EXERCISE DETAILS
Return every entry exactly, except for any pictures.

===== RECORDS FOR THE TASK

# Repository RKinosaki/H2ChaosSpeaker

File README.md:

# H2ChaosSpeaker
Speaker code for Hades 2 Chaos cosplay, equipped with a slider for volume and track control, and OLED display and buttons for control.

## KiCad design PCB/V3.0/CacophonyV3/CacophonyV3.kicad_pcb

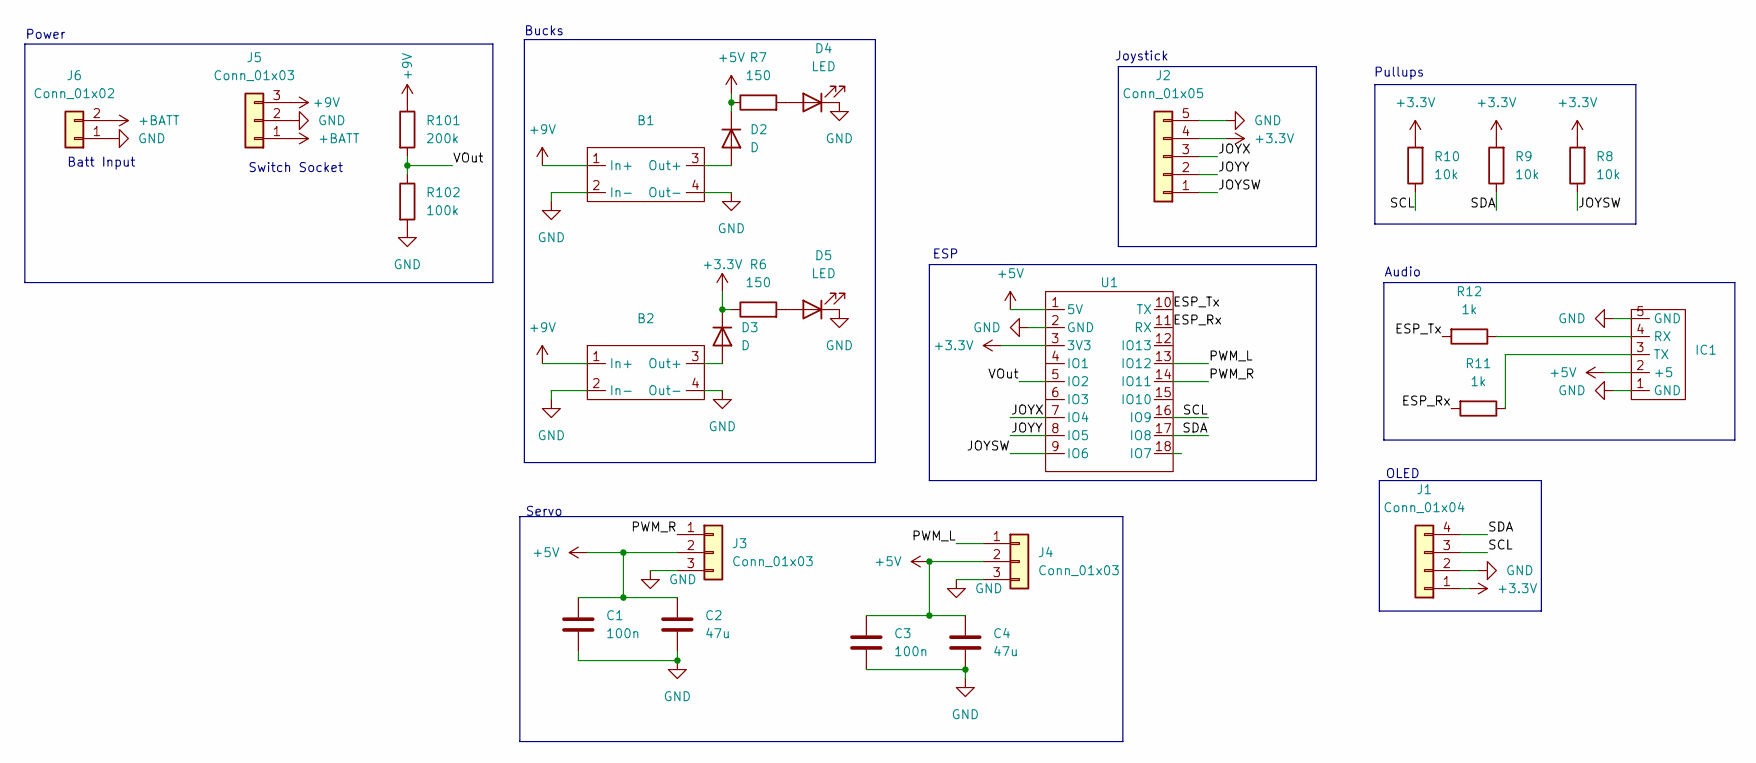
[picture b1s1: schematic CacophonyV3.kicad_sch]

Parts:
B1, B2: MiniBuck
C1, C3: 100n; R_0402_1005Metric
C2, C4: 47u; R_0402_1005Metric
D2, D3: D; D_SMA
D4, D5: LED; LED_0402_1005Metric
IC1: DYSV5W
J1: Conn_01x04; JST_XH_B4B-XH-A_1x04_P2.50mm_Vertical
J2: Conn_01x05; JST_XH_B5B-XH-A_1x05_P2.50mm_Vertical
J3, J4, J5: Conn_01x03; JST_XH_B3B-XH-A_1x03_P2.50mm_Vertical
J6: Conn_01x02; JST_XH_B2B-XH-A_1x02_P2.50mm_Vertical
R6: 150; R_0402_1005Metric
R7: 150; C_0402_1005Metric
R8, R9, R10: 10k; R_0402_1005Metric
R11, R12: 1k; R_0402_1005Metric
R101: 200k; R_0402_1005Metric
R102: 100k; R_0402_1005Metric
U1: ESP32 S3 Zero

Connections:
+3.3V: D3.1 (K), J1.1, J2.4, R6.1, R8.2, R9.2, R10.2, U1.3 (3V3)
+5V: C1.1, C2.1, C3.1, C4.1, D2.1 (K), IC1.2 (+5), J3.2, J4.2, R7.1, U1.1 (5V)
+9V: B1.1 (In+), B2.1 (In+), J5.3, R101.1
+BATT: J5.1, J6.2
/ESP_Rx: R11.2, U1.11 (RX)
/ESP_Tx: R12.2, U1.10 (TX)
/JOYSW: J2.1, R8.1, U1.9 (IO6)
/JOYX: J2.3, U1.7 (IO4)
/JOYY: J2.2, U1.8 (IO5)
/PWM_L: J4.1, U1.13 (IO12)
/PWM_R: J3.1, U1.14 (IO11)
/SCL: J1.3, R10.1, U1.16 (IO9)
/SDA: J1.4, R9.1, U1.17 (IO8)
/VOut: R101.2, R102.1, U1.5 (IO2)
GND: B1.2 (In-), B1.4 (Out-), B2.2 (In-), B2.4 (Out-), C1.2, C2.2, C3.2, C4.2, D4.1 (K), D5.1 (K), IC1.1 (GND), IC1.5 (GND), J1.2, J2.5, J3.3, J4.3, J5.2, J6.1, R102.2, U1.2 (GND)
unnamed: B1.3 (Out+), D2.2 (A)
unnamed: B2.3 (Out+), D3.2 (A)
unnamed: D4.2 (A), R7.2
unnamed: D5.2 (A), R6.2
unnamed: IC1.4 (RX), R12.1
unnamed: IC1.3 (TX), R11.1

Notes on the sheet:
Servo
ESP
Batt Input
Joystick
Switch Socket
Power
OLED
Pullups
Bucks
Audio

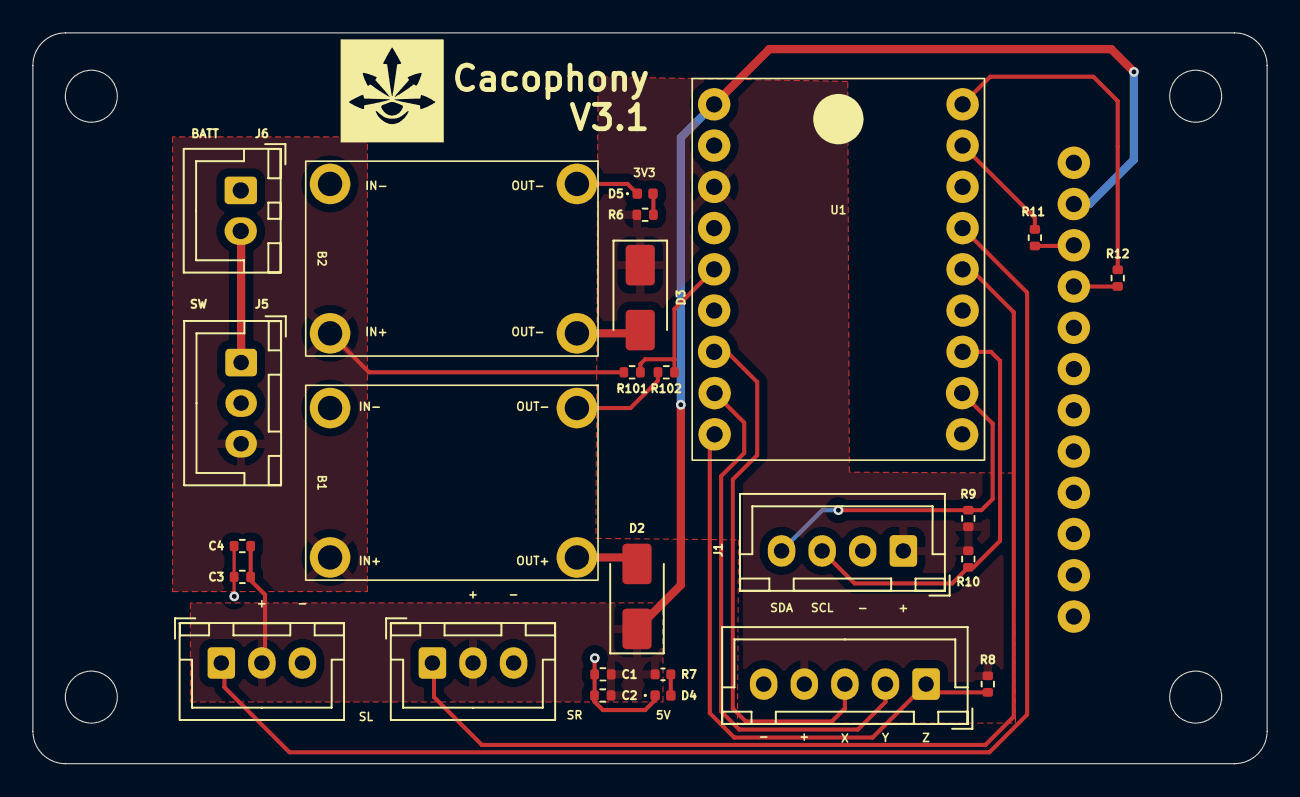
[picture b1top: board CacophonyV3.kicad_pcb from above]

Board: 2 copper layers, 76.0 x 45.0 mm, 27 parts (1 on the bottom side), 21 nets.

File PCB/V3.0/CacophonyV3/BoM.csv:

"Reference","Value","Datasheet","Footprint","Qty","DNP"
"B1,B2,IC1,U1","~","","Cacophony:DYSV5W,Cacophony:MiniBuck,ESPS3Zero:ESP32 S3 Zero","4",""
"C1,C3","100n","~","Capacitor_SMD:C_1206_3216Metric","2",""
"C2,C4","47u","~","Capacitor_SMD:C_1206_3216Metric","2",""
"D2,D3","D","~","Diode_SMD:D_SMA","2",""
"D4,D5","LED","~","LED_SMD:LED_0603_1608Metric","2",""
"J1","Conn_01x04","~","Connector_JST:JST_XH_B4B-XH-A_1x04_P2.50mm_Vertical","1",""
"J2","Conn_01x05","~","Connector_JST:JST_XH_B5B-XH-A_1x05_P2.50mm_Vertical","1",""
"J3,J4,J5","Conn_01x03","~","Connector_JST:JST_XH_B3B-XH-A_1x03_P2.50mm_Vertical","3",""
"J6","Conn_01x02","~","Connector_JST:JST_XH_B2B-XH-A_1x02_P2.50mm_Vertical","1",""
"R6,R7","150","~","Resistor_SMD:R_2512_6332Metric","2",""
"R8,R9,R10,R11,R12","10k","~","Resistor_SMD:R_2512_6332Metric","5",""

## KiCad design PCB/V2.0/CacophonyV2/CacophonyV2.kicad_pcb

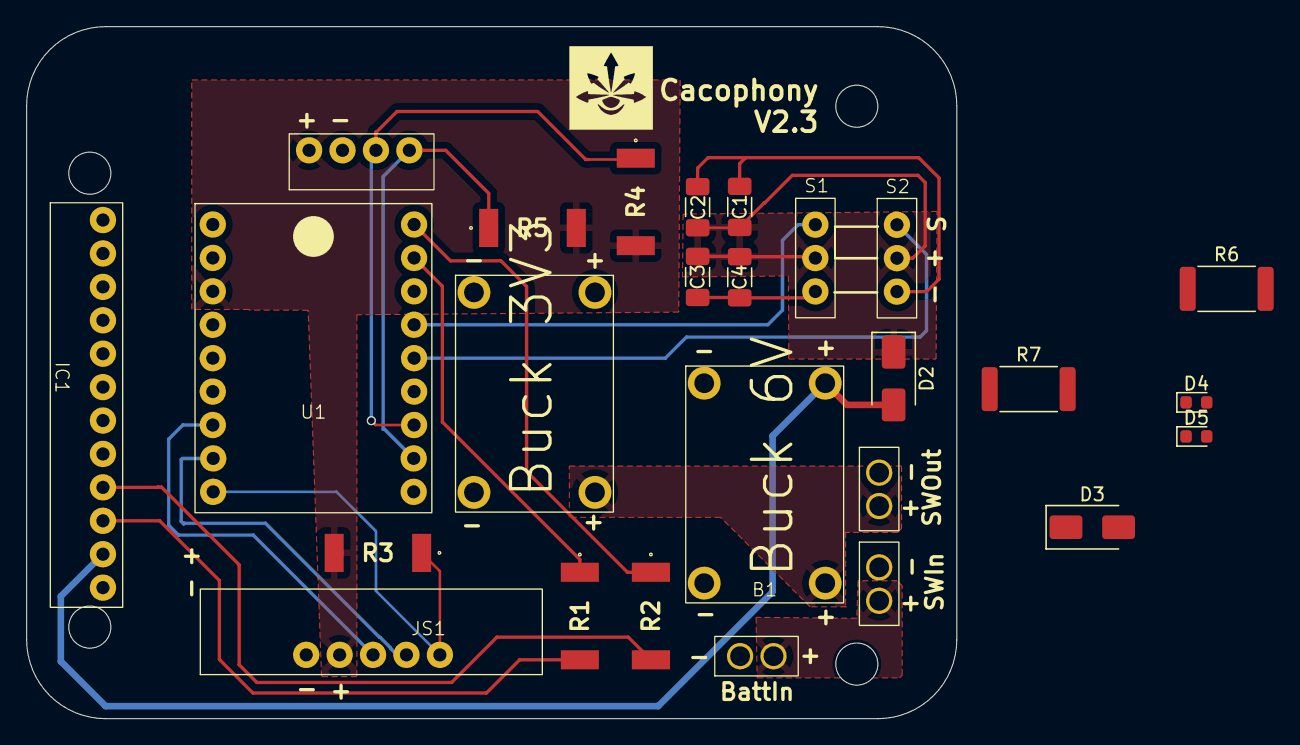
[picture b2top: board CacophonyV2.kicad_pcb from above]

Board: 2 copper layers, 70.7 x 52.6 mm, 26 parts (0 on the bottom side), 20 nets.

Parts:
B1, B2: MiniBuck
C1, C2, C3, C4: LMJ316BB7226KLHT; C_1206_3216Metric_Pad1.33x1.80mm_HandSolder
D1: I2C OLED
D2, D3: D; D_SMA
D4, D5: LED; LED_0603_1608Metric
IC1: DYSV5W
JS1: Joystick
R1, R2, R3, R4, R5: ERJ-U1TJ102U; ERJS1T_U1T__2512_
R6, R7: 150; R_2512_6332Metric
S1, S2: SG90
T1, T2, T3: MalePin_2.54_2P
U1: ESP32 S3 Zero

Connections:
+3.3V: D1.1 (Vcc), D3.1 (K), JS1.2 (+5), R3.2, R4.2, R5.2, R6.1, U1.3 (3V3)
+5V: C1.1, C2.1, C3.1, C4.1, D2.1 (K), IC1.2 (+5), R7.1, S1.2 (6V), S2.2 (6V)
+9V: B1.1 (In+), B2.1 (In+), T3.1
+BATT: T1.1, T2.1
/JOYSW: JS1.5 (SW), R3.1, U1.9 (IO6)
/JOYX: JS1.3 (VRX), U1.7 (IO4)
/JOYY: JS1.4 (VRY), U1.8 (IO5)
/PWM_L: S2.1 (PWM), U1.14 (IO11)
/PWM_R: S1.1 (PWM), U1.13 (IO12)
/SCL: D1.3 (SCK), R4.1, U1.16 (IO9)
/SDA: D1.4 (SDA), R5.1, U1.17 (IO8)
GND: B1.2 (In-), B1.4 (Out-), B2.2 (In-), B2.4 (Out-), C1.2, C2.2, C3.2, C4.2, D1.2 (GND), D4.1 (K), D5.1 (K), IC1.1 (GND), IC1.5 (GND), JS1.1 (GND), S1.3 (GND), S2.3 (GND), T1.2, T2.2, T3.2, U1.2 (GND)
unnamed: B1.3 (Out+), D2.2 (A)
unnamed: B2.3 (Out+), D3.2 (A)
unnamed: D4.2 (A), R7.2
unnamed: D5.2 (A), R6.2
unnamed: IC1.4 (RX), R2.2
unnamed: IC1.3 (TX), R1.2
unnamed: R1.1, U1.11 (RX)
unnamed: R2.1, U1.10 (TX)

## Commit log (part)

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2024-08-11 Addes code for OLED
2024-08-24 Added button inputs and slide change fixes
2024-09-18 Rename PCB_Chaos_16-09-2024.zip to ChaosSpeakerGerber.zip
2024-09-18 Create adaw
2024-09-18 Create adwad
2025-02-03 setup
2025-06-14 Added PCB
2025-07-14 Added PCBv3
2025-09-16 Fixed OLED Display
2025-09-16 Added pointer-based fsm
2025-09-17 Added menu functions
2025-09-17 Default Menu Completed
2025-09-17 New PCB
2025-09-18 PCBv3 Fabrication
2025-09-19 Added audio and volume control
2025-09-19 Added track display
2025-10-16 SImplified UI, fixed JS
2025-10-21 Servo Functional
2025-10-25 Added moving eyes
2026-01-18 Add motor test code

==========

SOLUTION TO THIS PROBLEM
# Repository RKinosaki/H2ChaosSpeaker

File README.md:

# H2ChaosSpeaker
Speaker code for Hades 2 Chaos cosplay, equipped with a slider for volume and track control, and OLED display and buttons for control.

## KiCad design PCB/V3.0/CacophonyV3/CacophonyV3.kicad_pcb

[picture b1s1: schematic CacophonyV3.kicad_sch]

Parts:
B1, B2: MiniBuck
C1, C3: 100n; R_0402_1005Metric
C2, C4: 47u; R_0402_1005Metric
D2, D3: D; D_SMA
D4, D5: LED; LED_0402_1005Metric
IC1: DYSV5W
J1: Conn_01x04; JST_XH_B4B-XH-A_1x04_P2.50mm_Vertical
J2: Conn_01x05; JST_XH_B5B-XH-A_1x05_P2.50mm_Vertical
J3, J4, J5: Conn_01x03; JST_XH_B3B-XH-A_1x03_P2.50mm_Vertical
J6: Conn_01x02; JST_XH_B2B-XH-A_1x02_P2.50mm_Vertical
R6: 150; R_0402_1005Metric
R7: 150; C_0402_1005Metric
R8, R9, R10: 10k; R_0402_1005Metric
R11, R12: 1k; R_0402_1005Metric
R101: 200k; R_0402_1005Metric
R102: 100k; R_0402_1005Metric
U1: ESP32 S3 Zero

Connections:
+3.3V: D3.1 (K), J1.1, J2.4, R6.1, R8.2, R9.2, R10.2, U1.3 (3V3)
+5V: C1.1, C2.1, C3.1, C4.1, D2.1 (K), IC1.2 (+5), J3.2, J4.2, R7.1, U1.1 (5V)
+9V: B1.1 (In+), B2.1 (In+), J5.3, R101.1
+BATT: J5.1, J6.2
/ESP_Rx: R11.2, U1.11 (RX)
/ESP_Tx: R12.2, U1.10 (TX)
/JOYSW: J2.1, R8.1, U1.9 (IO6)
/JOYX: J2.3, U1.7 (IO4)
/JOYY: J2.2, U1.8 (IO5)
/PWM_L: J4.1, U1.13 (IO12)
/PWM_R: J3.1, U1.14 (IO11)
/SCL: J1.3, R10.1, U1.16 (IO9)
/SDA: J1.4, R9.1, U1.17 (IO8)
/VOut: R101.2, R102.1, U1.5 (IO2)
GND: B1.2 (In-), B1.4 (Out-), B2.2 (In-), B2.4 (Out-), C1.2, C2.2, C3.2, C4.2, D4.1 (K), D5.1 (K), IC1.1 (GND), IC1.5 (GND), J1.2, J2.5, J3.3, J4.3, J5.2, J6.1, R102.2, U1.2 (GND)
unnamed: B1.3 (Out+), D2.2 (A)
unnamed: B2.3 (Out+), D3.2 (A)
unnamed: D4.2 (A), R7.2
unnamed: D5.2 (A), R6.2
unnamed: IC1.4 (RX), R12.1
unnamed: IC1.3 (TX), R11.1

Notes on the sheet:
Servo
ESP
Batt Input
Joystick
Switch Socket
Power
OLED
Pullups
Bucks
Audio

[picture b1top: board CacophonyV3.kicad_pcb from above]

Board: 2 copper layers, 76.0 x 45.0 mm, 27 parts (1 on the bottom side), 21 nets.

File PCB/V3.0/CacophonyV3/BoM.csv:

"Reference","Value","Datasheet","Footprint","Qty","DNP"
"B1,B2,IC1,U1","~","","Cacophony:DYSV5W,Cacophony:MiniBuck,ESPS3Zero:ESP32 S3 Zero","4",""
"C1,C3","100n","~","Capacitor_SMD:C_1206_3216Metric","2",""
"C2,C4","47u","~","Capacitor_SMD:C_1206_3216Metric","2",""
"D2,D3","D","~","Diode_SMD:D_SMA","2",""
"D4,D5","LED","~","LED_SMD:LED_0603_1608Metric","2",""
"J1","Conn_01x04","~","Connector_JST:JST_XH_B4B-XH-A_1x04_P2.50mm_Vertical","1",""
"J2","Conn_01x05","~","Connector_JST:JST_XH_B5B-XH-A_1x05_P2.50mm_Vertical","1",""
"J3,J4,J5","Conn_01x03","~","Connector_JST:JST_XH_B3B-XH-A_1x03_P2.50mm_Vertical","3",""
"J6","Conn_01x02","~","Connector_JST:JST_XH_B2B-XH-A_1x02_P2.50mm_Vertical","1",""
"R6,R7","150","~","Resistor_SMD:R_2512_6332Metric","2",""
"R8,R9,R10,R11,R12","10k","~","Resistor_SMD:R_2512_6332Metric","5",""

## KiCad design PCB/V2.0/CacophonyV2/CacophonyV2.kicad_pcb

[picture b2top: board CacophonyV2.kicad_pcb from above]

Board: 2 copper layers, 70.7 x 52.6 mm, 26 parts (0 on the bottom side), 20 nets.

Parts:
B1, B2: MiniBuck
C1, C2, C3, C4: LMJ316BB7226KLHT; C_1206_3216Metric_Pad1.33x1.80mm_HandSolder
D1: I2C OLED
D2, D3: D; D_SMA
D4, D5: LED; LED_0603_1608Metric
IC1: DYSV5W
JS1: Joystick
R1, R2, R3, R4, R5: ERJ-U1TJ102U; ERJS1T_U1T__2512_
R6, R7: 150; R_2512_6332Metric
S1, S2: SG90
T1, T2, T3: MalePin_2.54_2P
U1: ESP32 S3 Zero

Connections:
+3.3V: D1.1 (Vcc), D3.1 (K), JS1.2 (+5), R3.2, R4.2, R5.2, R6.1, U1.3 (3V3)
+5V: C1.1, C2.1, C3.1, C4.1, D2.1 (K), IC1.2 (+5), R7.1, S1.2 (6V), S2.2 (6V)
+9V: B1.1 (In+), B2.1 (In+), T3.1
+BATT: T1.1, T2.1
/JOYSW: JS1.5 (SW), R3.1, U1.9 (IO6)
/JOYX: JS1.3 (VRX), U1.7 (IO4)
/JOYY: JS1.4 (VRY), U1.8 (IO5)
/PWM_L: S2.1 (PWM), U1.14 (IO11)
/PWM_R: S1.1 (PWM), U1.13 (IO12)
/SCL: D1.3 (SCK), R4.1, U1.16 (IO9)
/SDA: D1.4 (SDA), R5.1, U1.17 (IO8)
GND: B1.2 (In-), B1.4 (Out-), B2.2 (In-), B2.4 (Out-), C1.2, C2.2, C3.2, C4.2, D1.2 (GND), D4.1 (K), D5.1 (K), IC1.1 (GND), IC1.5 (GND), JS1.1 (GND), S1.3 (GND), S2.3 (GND), T1.2, T2.2, T3.2, U1.2 (GND)
unnamed: B1.3 (Out+), D2.2 (A)
unnamed: B2.3 (Out+), D3.2 (A)
unnamed: D4.2 (A), R7.2
unnamed: D5.2 (A), R6.2
unnamed: IC1.4 (RX), R2.2
unnamed: IC1.3 (TX), R1.2
unnamed: R1.1, U1.11 (RX)
unnamed: R2.1, U1.10 (TX)

## Commit log (part)

2024-08-11 Addes code for OLED
2024-08-24 Added button inputs and slide change fixes
2024-09-18 Rename PCB_Chaos_16-09-2024.zip to ChaosSpeakerGerber.zip
2024-09-18 Create adaw
2024-09-18 Create adwad
2025-02-03 setup
2025-06-14 Added PCB
2025-07-14 Added PCBv3
2025-09-16 Fixed OLED Display
2025-09-16 Added pointer-based fsm
2025-09-17 Added menu functions
2025-09-17 Default Menu Completed
2025-09-17 New PCB
2025-09-18 PCBv3 Fabrication
2025-09-19 Added audio and volume control
2025-09-19 Added track display
2025-10-16 SImplified UI, fixed JS
2025-10-21 Servo Functional
2025-10-25 Added moving eyes
2026-01-18 Add motor test code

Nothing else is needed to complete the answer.